Start of Input material

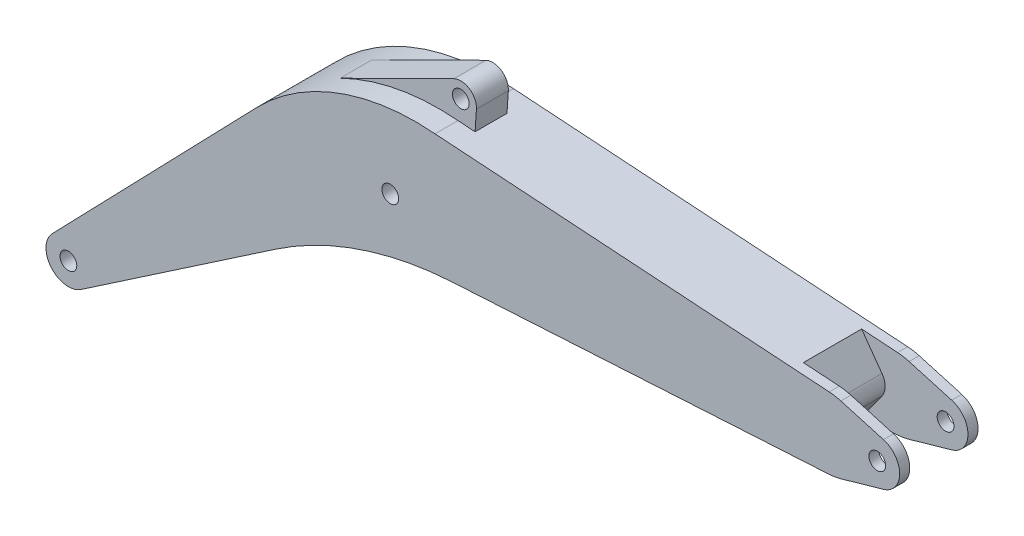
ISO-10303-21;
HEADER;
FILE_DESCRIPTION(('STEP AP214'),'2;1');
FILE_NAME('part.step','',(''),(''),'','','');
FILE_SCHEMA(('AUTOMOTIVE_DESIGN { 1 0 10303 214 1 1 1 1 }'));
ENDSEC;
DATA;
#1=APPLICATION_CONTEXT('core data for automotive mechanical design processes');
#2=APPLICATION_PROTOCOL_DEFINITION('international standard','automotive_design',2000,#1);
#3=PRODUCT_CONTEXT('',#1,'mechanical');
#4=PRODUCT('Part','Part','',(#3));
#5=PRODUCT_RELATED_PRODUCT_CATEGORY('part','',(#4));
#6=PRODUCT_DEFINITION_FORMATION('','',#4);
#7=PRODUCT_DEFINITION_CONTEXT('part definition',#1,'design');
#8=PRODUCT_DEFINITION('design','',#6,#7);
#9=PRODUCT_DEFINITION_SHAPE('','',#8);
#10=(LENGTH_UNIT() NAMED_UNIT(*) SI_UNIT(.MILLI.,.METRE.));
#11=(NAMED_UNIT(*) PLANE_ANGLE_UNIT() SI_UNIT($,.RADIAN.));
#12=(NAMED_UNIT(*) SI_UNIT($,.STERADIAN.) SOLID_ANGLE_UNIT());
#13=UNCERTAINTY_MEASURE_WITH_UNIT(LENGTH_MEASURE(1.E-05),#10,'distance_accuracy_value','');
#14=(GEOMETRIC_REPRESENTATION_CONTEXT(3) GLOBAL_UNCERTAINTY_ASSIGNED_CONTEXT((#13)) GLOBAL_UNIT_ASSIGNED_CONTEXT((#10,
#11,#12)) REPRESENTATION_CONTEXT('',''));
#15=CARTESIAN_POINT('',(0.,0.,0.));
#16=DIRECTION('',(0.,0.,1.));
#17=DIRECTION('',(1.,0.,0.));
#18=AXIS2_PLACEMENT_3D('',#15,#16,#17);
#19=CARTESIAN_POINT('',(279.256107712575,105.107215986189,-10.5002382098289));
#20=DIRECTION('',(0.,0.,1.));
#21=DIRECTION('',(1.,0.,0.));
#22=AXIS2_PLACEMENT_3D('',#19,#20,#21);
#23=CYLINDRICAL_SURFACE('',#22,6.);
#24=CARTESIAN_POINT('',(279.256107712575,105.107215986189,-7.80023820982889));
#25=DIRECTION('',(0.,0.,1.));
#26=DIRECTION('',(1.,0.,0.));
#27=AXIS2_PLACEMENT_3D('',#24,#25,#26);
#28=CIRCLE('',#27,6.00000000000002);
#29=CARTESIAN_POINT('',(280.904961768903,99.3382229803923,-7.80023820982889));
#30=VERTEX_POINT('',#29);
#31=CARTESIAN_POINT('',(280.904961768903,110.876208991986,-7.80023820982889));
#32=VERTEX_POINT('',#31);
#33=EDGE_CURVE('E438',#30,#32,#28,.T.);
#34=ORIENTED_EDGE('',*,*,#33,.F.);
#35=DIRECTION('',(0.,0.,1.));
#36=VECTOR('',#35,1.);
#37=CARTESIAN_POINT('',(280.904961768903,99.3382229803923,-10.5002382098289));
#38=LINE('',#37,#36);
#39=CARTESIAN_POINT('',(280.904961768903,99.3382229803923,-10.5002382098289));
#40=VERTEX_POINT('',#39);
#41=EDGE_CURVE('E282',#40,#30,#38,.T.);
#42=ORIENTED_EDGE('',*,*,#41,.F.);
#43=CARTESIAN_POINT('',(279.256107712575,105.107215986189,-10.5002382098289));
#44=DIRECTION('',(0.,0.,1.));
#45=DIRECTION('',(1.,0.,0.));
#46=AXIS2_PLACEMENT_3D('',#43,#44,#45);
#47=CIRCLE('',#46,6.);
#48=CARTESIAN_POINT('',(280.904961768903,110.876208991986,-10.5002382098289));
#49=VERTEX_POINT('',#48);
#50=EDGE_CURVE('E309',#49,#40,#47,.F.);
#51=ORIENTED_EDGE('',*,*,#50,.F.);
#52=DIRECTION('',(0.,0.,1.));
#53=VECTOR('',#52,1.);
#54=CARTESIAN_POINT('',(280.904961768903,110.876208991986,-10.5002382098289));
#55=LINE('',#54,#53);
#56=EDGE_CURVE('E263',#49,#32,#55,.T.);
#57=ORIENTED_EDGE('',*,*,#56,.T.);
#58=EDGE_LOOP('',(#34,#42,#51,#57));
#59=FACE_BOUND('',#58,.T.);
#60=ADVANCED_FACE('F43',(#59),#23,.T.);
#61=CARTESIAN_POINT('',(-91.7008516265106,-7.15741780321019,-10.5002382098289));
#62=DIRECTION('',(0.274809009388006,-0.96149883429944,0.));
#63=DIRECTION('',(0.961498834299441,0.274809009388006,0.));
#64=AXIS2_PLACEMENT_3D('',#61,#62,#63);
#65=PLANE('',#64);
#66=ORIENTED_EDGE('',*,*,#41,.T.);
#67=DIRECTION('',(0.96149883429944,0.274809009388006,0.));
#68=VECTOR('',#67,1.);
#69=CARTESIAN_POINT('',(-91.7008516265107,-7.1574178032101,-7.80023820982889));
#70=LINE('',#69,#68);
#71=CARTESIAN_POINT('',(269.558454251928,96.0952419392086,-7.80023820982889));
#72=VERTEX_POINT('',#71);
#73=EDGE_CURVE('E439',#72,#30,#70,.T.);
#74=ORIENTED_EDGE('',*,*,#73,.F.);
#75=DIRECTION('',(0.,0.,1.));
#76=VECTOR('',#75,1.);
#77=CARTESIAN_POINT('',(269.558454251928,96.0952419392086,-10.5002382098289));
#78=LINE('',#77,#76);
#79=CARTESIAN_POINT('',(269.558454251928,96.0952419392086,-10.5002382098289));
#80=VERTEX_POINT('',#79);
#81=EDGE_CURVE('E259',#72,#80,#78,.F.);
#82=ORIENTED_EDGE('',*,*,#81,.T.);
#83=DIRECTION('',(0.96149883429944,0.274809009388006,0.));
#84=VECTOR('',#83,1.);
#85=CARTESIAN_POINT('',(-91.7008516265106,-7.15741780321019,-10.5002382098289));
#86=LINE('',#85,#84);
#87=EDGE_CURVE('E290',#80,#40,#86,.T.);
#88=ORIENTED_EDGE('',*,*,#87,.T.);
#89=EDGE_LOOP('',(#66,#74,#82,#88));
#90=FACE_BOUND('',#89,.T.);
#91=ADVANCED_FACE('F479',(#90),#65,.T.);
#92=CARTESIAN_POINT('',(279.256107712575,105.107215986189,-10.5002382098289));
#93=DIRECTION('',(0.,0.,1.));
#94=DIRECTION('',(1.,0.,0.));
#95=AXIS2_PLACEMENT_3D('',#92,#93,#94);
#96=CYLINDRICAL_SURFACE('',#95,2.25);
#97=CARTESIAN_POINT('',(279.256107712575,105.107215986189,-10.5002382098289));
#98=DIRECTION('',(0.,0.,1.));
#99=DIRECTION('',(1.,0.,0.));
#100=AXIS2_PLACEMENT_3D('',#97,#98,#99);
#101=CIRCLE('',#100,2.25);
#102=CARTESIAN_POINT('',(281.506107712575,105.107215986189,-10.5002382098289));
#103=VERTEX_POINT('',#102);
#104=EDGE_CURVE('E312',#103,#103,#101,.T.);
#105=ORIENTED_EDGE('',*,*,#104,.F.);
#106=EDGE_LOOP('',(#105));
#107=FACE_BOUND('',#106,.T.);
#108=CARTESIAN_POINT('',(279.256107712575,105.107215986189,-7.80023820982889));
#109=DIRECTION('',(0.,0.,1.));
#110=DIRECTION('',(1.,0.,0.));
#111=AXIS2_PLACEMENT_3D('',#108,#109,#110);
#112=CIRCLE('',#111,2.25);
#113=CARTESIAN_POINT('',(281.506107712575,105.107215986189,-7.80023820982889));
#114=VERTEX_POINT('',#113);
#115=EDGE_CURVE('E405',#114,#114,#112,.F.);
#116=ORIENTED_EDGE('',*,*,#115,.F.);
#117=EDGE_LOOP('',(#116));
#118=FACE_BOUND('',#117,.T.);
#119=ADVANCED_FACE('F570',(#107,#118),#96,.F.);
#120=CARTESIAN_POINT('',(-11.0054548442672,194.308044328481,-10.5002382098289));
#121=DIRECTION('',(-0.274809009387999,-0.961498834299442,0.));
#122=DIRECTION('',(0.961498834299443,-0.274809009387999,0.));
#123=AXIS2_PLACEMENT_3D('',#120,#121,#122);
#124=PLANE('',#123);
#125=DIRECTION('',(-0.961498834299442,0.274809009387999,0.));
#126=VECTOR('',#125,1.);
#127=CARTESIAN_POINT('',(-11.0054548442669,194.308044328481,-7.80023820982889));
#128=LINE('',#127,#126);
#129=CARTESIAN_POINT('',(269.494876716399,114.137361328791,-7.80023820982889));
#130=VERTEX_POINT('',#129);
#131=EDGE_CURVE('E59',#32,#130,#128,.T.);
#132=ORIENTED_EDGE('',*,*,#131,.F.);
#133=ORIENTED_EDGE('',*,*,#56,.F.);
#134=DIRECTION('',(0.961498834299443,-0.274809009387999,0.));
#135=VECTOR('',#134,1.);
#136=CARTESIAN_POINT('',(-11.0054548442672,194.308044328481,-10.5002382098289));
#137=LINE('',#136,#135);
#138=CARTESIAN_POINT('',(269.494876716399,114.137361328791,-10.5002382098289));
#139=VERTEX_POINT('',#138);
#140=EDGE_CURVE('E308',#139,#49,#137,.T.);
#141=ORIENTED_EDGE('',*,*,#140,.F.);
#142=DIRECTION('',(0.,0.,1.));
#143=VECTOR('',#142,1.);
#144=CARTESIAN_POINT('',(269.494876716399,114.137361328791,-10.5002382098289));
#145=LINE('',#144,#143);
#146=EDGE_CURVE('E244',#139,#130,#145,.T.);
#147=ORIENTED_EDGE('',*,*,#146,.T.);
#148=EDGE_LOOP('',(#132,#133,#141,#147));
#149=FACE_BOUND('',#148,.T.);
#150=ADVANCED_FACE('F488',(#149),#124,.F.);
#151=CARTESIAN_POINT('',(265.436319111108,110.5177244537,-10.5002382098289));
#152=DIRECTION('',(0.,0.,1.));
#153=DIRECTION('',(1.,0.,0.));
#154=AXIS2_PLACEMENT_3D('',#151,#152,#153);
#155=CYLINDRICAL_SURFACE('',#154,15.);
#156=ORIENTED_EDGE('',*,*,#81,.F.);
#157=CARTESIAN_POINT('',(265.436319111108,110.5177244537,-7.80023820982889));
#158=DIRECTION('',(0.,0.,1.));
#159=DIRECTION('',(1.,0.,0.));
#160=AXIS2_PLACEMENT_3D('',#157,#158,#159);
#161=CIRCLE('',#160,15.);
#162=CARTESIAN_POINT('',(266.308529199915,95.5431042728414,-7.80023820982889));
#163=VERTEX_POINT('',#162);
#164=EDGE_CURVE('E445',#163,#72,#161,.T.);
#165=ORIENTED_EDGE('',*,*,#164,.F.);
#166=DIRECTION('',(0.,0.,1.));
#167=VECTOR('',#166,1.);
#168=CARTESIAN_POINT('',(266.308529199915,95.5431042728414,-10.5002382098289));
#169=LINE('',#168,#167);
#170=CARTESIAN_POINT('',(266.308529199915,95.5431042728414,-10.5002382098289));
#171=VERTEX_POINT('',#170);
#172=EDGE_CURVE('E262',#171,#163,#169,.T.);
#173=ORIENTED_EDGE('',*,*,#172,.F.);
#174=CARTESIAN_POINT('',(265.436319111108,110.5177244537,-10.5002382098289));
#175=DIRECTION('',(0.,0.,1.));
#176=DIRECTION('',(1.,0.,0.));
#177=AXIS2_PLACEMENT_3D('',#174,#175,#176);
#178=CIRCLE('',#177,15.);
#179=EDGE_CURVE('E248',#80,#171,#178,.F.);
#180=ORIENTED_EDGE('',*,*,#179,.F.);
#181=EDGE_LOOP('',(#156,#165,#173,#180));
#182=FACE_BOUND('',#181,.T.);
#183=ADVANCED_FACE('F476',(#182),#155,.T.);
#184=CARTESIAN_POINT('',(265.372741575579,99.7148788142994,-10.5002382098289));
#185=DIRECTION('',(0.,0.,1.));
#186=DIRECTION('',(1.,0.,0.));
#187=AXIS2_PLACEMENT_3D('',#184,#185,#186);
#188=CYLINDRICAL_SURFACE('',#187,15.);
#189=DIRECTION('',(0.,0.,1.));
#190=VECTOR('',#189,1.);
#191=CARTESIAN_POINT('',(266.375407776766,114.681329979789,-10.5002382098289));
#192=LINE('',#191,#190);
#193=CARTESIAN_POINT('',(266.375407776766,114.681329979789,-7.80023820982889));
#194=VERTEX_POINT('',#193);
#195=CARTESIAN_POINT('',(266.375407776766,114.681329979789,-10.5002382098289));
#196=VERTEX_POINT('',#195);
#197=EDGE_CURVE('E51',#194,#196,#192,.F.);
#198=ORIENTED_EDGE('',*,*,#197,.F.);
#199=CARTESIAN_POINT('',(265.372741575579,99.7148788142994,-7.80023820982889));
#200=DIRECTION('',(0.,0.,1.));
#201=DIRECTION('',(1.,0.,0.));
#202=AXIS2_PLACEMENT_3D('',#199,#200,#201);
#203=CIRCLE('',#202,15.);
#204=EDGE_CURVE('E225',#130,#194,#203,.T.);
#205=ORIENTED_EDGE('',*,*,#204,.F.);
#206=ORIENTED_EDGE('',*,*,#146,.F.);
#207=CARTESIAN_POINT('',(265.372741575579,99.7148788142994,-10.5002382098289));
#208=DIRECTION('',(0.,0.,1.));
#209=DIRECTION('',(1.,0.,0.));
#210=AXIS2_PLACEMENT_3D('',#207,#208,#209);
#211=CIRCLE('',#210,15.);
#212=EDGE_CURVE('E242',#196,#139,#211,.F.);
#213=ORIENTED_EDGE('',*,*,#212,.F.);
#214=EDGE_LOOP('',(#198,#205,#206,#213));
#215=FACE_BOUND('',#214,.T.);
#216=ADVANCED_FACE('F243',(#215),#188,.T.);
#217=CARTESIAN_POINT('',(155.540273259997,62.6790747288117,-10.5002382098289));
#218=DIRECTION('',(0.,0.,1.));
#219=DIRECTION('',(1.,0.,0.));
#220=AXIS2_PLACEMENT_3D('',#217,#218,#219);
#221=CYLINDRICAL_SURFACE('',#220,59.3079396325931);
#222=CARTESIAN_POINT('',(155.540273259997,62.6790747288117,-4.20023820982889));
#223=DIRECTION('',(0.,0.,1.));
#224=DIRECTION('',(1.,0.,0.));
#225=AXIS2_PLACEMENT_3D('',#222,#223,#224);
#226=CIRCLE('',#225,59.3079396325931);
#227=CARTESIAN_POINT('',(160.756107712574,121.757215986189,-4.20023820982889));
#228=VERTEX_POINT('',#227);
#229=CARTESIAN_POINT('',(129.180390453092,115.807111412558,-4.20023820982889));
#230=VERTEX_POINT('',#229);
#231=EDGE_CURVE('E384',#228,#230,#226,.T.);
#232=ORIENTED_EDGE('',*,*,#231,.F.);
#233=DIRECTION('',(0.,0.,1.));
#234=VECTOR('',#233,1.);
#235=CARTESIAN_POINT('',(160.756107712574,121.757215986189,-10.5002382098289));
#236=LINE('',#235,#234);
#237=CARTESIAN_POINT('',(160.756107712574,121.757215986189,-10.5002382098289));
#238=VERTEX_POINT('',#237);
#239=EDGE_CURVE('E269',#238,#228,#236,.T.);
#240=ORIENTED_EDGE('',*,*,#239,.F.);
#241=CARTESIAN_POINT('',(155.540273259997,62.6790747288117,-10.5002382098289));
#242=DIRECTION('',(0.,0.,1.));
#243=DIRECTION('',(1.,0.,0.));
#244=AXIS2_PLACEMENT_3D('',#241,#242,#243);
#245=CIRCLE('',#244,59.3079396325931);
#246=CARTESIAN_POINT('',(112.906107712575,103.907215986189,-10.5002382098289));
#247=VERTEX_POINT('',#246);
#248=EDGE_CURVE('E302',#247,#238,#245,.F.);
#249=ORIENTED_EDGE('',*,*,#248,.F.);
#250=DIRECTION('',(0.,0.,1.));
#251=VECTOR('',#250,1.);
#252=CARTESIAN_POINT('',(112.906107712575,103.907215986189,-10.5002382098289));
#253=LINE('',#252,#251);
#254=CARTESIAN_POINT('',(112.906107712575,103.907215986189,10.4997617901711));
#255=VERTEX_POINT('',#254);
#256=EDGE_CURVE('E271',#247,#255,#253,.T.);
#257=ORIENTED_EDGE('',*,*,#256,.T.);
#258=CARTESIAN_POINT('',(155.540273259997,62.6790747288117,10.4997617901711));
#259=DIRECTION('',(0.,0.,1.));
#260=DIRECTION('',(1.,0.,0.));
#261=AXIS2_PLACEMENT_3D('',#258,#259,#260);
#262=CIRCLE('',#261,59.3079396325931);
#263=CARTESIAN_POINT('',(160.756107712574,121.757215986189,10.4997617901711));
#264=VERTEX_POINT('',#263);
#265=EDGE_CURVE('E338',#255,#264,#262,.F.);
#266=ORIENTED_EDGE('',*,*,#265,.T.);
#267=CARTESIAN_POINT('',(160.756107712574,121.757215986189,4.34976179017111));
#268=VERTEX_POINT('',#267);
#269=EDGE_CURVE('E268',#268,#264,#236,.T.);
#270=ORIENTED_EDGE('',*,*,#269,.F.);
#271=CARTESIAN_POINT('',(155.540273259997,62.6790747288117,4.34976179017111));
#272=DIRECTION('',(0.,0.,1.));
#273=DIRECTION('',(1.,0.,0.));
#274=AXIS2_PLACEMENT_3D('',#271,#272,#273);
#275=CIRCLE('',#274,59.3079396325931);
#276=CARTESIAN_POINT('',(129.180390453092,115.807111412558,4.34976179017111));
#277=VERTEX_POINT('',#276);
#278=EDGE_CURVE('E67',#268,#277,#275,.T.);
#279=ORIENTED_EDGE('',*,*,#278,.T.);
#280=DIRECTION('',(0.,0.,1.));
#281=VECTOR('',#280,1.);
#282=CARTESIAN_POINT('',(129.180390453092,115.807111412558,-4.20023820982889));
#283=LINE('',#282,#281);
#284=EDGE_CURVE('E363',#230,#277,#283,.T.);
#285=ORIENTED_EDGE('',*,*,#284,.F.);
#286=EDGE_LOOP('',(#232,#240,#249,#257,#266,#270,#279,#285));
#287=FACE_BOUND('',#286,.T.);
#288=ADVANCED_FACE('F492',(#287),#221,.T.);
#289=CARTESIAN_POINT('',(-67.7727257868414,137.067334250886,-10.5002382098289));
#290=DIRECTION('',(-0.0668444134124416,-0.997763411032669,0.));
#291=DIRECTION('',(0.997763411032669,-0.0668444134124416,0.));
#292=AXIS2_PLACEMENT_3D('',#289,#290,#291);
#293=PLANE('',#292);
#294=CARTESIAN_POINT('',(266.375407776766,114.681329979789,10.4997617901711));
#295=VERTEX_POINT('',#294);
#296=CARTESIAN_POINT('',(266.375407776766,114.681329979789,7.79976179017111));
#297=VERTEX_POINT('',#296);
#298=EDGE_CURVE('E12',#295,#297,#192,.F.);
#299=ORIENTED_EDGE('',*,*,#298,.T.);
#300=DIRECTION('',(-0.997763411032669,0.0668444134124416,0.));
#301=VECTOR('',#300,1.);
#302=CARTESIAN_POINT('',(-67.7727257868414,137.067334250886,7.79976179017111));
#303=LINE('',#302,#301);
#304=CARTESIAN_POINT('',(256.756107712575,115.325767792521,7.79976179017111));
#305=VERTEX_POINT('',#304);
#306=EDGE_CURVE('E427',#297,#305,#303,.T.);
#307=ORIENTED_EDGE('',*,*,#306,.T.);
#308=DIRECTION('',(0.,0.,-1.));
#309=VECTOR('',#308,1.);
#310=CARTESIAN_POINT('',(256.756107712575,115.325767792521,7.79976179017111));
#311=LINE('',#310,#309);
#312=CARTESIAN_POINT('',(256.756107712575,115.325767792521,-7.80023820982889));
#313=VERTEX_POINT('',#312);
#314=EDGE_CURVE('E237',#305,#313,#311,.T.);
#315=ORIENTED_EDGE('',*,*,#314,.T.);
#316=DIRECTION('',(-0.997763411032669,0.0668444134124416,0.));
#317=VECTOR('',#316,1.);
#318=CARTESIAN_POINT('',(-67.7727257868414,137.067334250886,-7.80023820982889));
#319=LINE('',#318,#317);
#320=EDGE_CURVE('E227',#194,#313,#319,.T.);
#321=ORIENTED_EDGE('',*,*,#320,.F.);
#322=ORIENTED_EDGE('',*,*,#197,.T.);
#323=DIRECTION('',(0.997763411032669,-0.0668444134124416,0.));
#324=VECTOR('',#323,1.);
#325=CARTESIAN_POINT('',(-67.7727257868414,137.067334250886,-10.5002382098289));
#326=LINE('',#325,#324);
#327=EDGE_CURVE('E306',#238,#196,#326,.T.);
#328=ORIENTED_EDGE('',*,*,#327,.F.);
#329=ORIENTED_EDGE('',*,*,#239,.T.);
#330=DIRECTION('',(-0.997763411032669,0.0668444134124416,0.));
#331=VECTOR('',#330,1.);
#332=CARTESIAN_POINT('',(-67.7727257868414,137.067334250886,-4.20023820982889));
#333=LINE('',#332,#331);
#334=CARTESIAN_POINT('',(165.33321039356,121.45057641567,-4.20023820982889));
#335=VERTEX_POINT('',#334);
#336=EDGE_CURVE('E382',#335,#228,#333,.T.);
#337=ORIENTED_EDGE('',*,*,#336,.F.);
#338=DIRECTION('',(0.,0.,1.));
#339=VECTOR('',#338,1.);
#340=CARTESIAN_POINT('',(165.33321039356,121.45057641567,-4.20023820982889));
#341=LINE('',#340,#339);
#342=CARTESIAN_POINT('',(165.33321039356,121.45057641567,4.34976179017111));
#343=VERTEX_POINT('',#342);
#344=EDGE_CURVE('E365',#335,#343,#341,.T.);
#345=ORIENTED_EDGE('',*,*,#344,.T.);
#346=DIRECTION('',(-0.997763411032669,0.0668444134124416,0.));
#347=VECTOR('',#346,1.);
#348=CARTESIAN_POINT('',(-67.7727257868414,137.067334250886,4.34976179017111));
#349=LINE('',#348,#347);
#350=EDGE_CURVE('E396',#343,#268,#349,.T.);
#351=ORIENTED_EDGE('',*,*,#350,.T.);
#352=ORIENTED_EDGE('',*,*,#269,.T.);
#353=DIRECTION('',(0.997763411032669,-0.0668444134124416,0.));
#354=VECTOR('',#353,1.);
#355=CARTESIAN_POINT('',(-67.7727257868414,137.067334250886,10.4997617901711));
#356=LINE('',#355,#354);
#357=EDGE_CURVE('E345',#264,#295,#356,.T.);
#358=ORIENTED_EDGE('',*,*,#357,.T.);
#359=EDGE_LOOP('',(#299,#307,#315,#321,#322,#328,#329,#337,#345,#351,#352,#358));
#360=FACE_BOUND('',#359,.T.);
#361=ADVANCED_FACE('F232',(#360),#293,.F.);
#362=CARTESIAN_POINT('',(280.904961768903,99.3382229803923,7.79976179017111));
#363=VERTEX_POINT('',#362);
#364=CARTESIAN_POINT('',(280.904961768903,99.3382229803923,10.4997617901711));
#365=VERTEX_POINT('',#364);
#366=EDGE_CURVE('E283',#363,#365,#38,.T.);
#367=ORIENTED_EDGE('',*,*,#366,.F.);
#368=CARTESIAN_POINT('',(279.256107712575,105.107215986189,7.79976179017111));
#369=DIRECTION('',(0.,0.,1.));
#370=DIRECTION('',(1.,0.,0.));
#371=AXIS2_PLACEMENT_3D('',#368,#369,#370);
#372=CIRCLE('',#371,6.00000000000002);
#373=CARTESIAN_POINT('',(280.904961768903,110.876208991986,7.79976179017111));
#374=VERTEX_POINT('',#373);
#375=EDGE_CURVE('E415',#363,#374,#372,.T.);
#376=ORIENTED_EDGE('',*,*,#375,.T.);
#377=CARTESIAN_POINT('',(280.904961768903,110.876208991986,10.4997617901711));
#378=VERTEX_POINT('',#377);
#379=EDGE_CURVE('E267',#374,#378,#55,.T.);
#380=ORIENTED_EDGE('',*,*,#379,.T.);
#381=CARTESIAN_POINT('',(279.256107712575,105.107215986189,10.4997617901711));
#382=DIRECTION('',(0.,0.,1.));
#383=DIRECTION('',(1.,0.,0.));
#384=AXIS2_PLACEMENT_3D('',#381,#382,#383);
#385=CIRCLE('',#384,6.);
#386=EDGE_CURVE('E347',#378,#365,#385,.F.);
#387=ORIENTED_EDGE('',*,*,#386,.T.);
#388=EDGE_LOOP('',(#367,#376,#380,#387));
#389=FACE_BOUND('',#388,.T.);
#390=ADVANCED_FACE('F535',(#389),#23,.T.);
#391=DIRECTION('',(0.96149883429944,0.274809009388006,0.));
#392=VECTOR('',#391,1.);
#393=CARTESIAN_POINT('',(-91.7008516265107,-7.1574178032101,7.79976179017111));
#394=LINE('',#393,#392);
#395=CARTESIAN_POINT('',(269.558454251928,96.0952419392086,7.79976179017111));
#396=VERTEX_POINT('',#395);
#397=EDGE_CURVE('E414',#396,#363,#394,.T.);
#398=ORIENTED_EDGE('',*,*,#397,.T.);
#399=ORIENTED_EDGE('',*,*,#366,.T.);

End of Input material

= Task =
Print exactly what appears from the first line of the listing above down to the line containing "#3=PRODUCT_CONTEXT('',#1,'mechanical');", inclusive, and leave out all pictures.

= Result for this task =
ISO-10303-21;
HEADER;
FILE_DESCRIPTION(('STEP AP214'),'2;1');
FILE_NAME('part.step','',(''),(''),'','','');
FILE_SCHEMA(('AUTOMOTIVE_DESIGN { 1 0 10303 214 1 1 1 1 }'));
ENDSEC;
DATA;
#1=APPLICATION_CONTEXT('core data for automotive mechanical design processes');
#2=APPLICATION_PROTOCOL_DEFINITION('international standard','automotive_design',2000,#1);
#3=PRODUCT_CONTEXT('',#1,'mechanical');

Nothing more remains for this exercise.